From mainstream press, pic from here
Brazilian police on Wednesday evicted almost 200 families who had occupied a public housing development in Rio de Janeiro’s Guadalupe neighborhood.
The squatters were served with an eviction notice at 9:00 a.m. and soon were seen streaming out of the complex loaded down with mattresses, stoves, televisions and other belongings.
Offering no resistance, most of the unauthorized occupants toted their possessions to the Goga da Ema “favela,” or shantytown, which lies next to the development built under President Dilma Rousseff’s “My house, my life” program for low-cost housing.
Though men armed with rifles were filmed accompanying the squatters when they occupied the development on Nov. 9, no weapons were in evidence on Wednesday.
Several dozen squatters took advantage of the presence of the media to mount a protest over local authorities’ failure to send social workers and psychologists to assist them.
“I want to know from authorities what will become of us,” said Davison Leandro, an unemployed truck driver. “We have no shelter.”
Demonstrators chanted: “We want jobs, we want jobs.”
Gogo da Ema is regarded as one of Rio’s most violent favelas.

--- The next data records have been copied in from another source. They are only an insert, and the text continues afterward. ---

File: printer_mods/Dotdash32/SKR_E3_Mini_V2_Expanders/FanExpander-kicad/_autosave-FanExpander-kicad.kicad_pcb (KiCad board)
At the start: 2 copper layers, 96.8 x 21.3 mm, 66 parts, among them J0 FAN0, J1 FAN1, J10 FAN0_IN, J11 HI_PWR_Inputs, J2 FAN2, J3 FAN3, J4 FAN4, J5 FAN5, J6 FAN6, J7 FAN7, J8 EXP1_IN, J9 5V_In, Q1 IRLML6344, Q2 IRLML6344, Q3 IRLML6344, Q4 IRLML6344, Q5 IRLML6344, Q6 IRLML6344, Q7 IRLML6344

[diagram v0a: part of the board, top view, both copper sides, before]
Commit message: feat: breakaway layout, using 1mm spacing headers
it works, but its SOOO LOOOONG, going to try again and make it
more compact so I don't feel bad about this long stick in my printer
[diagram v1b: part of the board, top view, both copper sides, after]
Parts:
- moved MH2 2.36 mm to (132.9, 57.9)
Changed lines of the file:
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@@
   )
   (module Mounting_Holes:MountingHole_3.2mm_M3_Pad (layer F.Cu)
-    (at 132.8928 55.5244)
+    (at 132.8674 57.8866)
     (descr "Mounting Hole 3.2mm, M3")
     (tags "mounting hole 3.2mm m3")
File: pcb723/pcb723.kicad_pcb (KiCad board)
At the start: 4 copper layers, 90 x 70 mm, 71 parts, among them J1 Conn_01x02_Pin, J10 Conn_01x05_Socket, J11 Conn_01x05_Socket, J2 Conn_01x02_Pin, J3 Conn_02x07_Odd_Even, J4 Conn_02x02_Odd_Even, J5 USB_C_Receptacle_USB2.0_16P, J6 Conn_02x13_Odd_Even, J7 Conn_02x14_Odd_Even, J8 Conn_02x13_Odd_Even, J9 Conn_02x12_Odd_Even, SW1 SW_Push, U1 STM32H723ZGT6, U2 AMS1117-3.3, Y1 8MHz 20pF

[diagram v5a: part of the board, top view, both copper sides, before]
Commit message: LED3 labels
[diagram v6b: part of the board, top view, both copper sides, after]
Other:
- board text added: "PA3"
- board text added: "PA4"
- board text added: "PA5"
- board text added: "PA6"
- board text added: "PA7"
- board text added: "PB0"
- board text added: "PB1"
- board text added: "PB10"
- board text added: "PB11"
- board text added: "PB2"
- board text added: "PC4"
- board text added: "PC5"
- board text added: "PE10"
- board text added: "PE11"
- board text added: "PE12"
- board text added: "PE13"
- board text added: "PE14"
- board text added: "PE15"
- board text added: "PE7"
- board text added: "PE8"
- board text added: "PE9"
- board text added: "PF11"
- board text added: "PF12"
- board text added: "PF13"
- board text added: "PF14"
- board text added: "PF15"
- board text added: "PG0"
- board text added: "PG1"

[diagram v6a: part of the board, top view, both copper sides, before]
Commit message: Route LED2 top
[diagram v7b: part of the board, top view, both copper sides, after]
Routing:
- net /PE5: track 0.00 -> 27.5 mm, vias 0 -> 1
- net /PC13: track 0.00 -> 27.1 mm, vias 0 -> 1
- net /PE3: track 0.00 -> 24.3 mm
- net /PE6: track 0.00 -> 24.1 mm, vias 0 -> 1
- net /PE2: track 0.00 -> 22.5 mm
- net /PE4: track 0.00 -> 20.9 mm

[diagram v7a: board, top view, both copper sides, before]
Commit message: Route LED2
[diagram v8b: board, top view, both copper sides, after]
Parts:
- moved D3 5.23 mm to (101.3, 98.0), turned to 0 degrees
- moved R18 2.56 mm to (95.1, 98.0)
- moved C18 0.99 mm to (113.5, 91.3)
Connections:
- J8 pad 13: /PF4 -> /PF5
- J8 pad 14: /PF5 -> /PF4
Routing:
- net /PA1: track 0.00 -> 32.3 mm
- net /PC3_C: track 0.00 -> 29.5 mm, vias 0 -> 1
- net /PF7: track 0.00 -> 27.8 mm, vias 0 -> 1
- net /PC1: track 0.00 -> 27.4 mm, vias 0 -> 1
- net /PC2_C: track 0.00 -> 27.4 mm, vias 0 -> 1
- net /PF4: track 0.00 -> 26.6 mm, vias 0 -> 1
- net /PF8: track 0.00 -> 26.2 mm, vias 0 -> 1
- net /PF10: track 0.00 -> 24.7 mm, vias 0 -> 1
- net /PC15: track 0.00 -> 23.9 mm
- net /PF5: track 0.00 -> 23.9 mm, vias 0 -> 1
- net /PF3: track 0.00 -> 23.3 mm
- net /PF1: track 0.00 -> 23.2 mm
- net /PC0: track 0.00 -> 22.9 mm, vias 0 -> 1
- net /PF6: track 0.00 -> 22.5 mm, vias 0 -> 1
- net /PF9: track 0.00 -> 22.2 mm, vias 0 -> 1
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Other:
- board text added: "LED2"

The apartments are finished and ready to be allocated by lottery to their new owners.
The federal government’s goal is to end this year having met the goal of 2.75 million new low-cost housing units set when the program began in 2011.
The next phase of the initiative, which starts in 2015, envisions the construction of 3 million additional units.
Roughly 5 million Brazilians lack suitable housing, according to activists.